The present invention relates to a method for manufacturing a flexible substrate using a material having no difficulty in controlling the phase difference and bonding a protective film made of a protective substrate and a pressure-sensitive adhesive to the wrinkles generated after the heat treatment to improve the surface unevenness, It is possible to keep it.

The process for fabricating the touch sensor according to the present invention comprises the steps of preparing a thermoplastic resin including a metal oxide conductor, improving conductivity by heat treatment, bonding the glass to a carrier substrate through a pressure-sensitive adhesive, A manufacturing step of a laminated structure including patterning of a conductor and a step of peeling the laminated structure formed on the thermoplastic resin from the glass to manufacture a laminated structure including a patterned electrode layer on a flexible substrate.

Here, a protective film made of a protective substrate and a pressure-sensitive adhesive is bonded on the metal oxide layer of the laminate composed of the metal oxide and the thermoplastic resin obtained by proceeding with the step of improving the conductivity by the heat treatment and bonded to the glass serving as the carrier substrate through the pressure- .

By joining the protective film to the glass serving as the carrier substrate in the state of bonding the protective film, uneven wrinkles on the surface of the film generated in the heat treatment step for improving the conductivity are removed and the film surface is bonded in a uniform state.

The manufacturing process of the touch sensor according to the present invention will be described in detail as follows.

First, a film base 21 including a metal oxide conductor 22 is manufactured (S101), and a heat treatment process for improving the conductivity is performed (S102)

The metal oxide may be at least one selected from the group consisting of indium tin oxide (ITO), indium zinc oxide (IZO), indium zinc tin oxide (IZTO), aluminum zinc oxide (AZO), gallium zinc oxide (GZO), flintine oxide (FTO) Indium zinc oxide (IZO-Ag-IZO), indium zinc tin oxide-silver-indium zinc tin oxide (IZTO-Ag-IZTO), indium zinc oxide And aluminum zinc oxide-silver-aluminum zinc oxide (AZO-Ag-AZO), and is not limited to these materials.

The material constituting the film substrate 21 is a thermoplastic resin, and it is preferable to use COP (Cyclo-olefin polymer).

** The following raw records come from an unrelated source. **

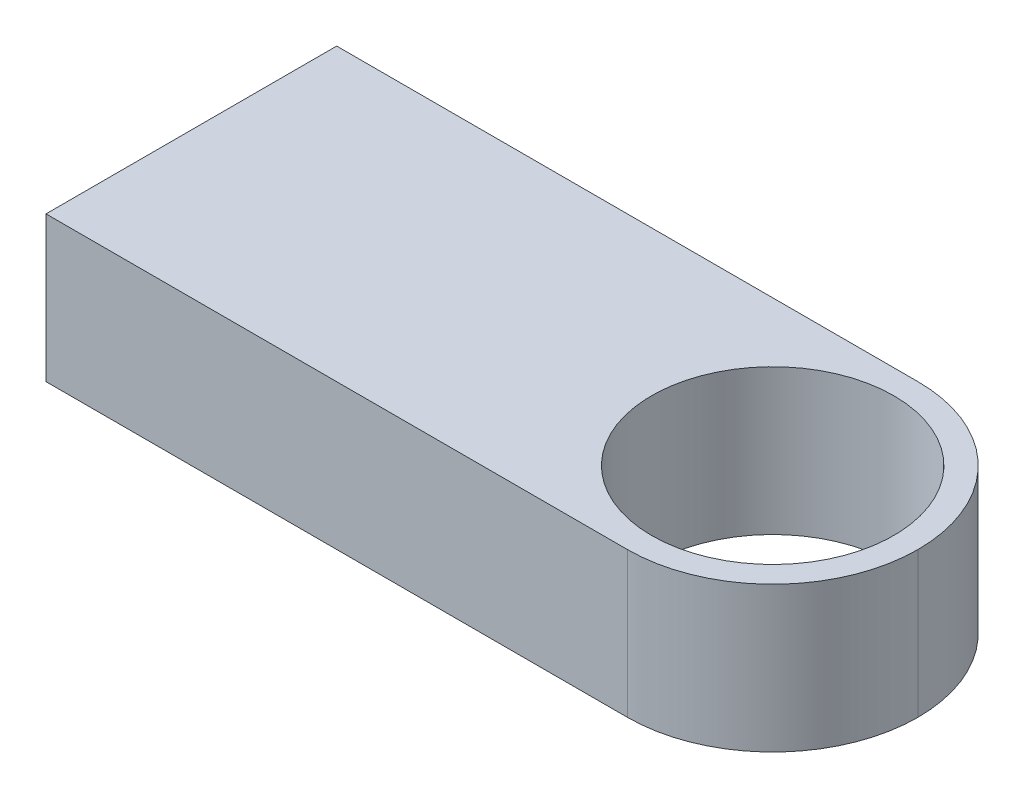
SolidWorks part; units mm, degrees
ref_plane "Front Plane" through (0, 0, 0) normal (0, 0, 1) x (1, 0, 0)
ref_plane "Top Plane" through (0, 0, 0) normal (0, 1, 0) x (1, 0, 0)
ref_plane "Right Plane" through (0, 0, 0) normal (1, 0, 0) x (0, 0, -1)
sketch "Sketch1" plane through (0, 0, 0) normal (1, 0, 0) x (0, 0, -1)
  line L1 (-30, 15) -> (30, 15)
  line L2 (-30, 15) -> (-30, -15)
  line L3 (-30, -15) -> (30, -15)
  line L4 (30, 15) -> (30, -15)
  line L5 (-30, 15) -> (30, -15) construction
  line L6 (-30, -15) -> (30, 15) construction
  point P0 (0, 0)
  dimension "D1" = 60
  dimension "D2" = 30
extrude "Boss-Extrude1" add sketch "Sketch1" along normal blind 150
sketch "Sketch2" plane through (0, 15, 0) normal (0, 1, 0) x (1, 0, 0)
  line L0 (150, 30) -> (150, -30) construction
  line L1 (150, -30) -> (0, -30) construction
  circle A0 centre (120, 0) radius 25
  dimension "D2" = 50
  dimension "D1" = 30
  dimension "D3" = 30
extrude "Cut-Extrude1" cut sketch "Sketch2" against normal up to surface (30 mm away) up to face at (75, -15, 0)
fillet "Fillet1" radius 30 2 edges at (150, 0, -30) (150, 0, 30)
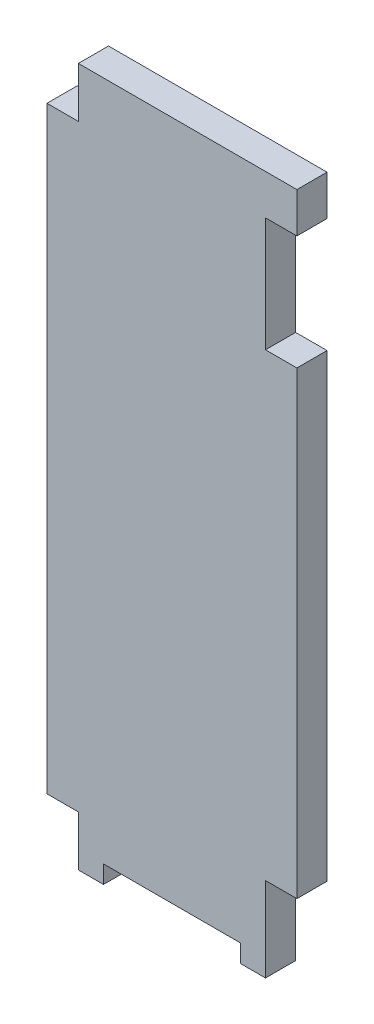
SolidWorks part; units mm, degrees
ref_plane "Front Plane" through (0, 0, 0) normal (0, 0, 1) x (1, 0, 0)
ref_plane "Top Plane" through (0, 0, 0) normal (0, 1, 0) x (1, 0, 0)
ref_plane "Right Plane" through (0, 0, 0) normal (1, 0, 0) x (0, 0, -1)
sketch "Sketch1" plane through (0, 0, 0) normal (0, 0, 1) x (1, 0, 0)
  line L0 (0, 6.731) -> (-3.175, 6.731)
  line L1 (-3.175, 6.731) -> (-3.175, -1.8034)
  line L4 (-3.175, -1.8034) -> (-5.715, -1.8034)
  line L5 (-5.715, -1.8034) -> (-5.715, 0)
  line L6 (-5.715, 0) -> (-19.558, 0)
  line L7 (-19.558, 0) -> (-19.558, -1.8034)
  line L16 (-19.558, -1.8034) -> (-22.098, -1.8034)
  line L17 (-22.098, -1.8034) -> (-22.098, 3.2766)
  line L18 (-22.098, 3.2766) -> (-25.273, 3.2766)
  line L19 (-25.273, 3.2766) -> (-25.273, 63.754)
  line L20 (-25.273, 63.754) -> (-22.098, 63.754)
  line L21 (-22.098, 63.754) -> (-22.098, 68.834)
  line L22 (-22.098, 68.834) -> (0, 68.834)
  line L23 (0, 68.834) -> (0, 64.77)
  line L24 (0, 64.77) -> (-3.175, 64.77)
  line L25 (-3.175, 64.77) -> (-3.175, 53.213)
  line L26 (-3.175, 53.213) -> (0, 53.213)
  line L27 (0, 53.213) -> (0, 6.731)
extrude "Boss-Extrude1" add sketch "Sketch1" along normal blind 3.048

BACKGROUND ART Cyclo-olefin polymers (COPs) are polymers obtained from cyclic monomers such as norbornene, which are excellent in transparency, heat resistance and chemical resistance as compared with conventional olefin polymers, and have excellent birefringence and water absorption Is very low and is suitable for the production of a flexible substrate.

Here, the material constituting the film substrate 21 is not limited to a cyclic olefin polymer (COP) but may be a thermoplastic elastomer, a styrenic material, an olefin-based material but are not limited to, olefinic materials, polyolefins, polyurethane thermoplastic elastomers, polyamides, synthetic rubbers, polydimethylsiloxane (PDMS), polybutadiene, poly But are not limited to, polyisobutylene, poly (styrene-butadiene-styrene), polyurethanes, polychloroprene, polymethacrylate, polyacryl, Polycarbonate, polyarylate, polysulfone, polyimide, polyethylene terephthalate, polyethylene terephthalate, polyethylene terephthalate, Polyethylene naphthalate, silicon, and combinations thereof. It is to be understood, however, that the present invention is not limited thereto.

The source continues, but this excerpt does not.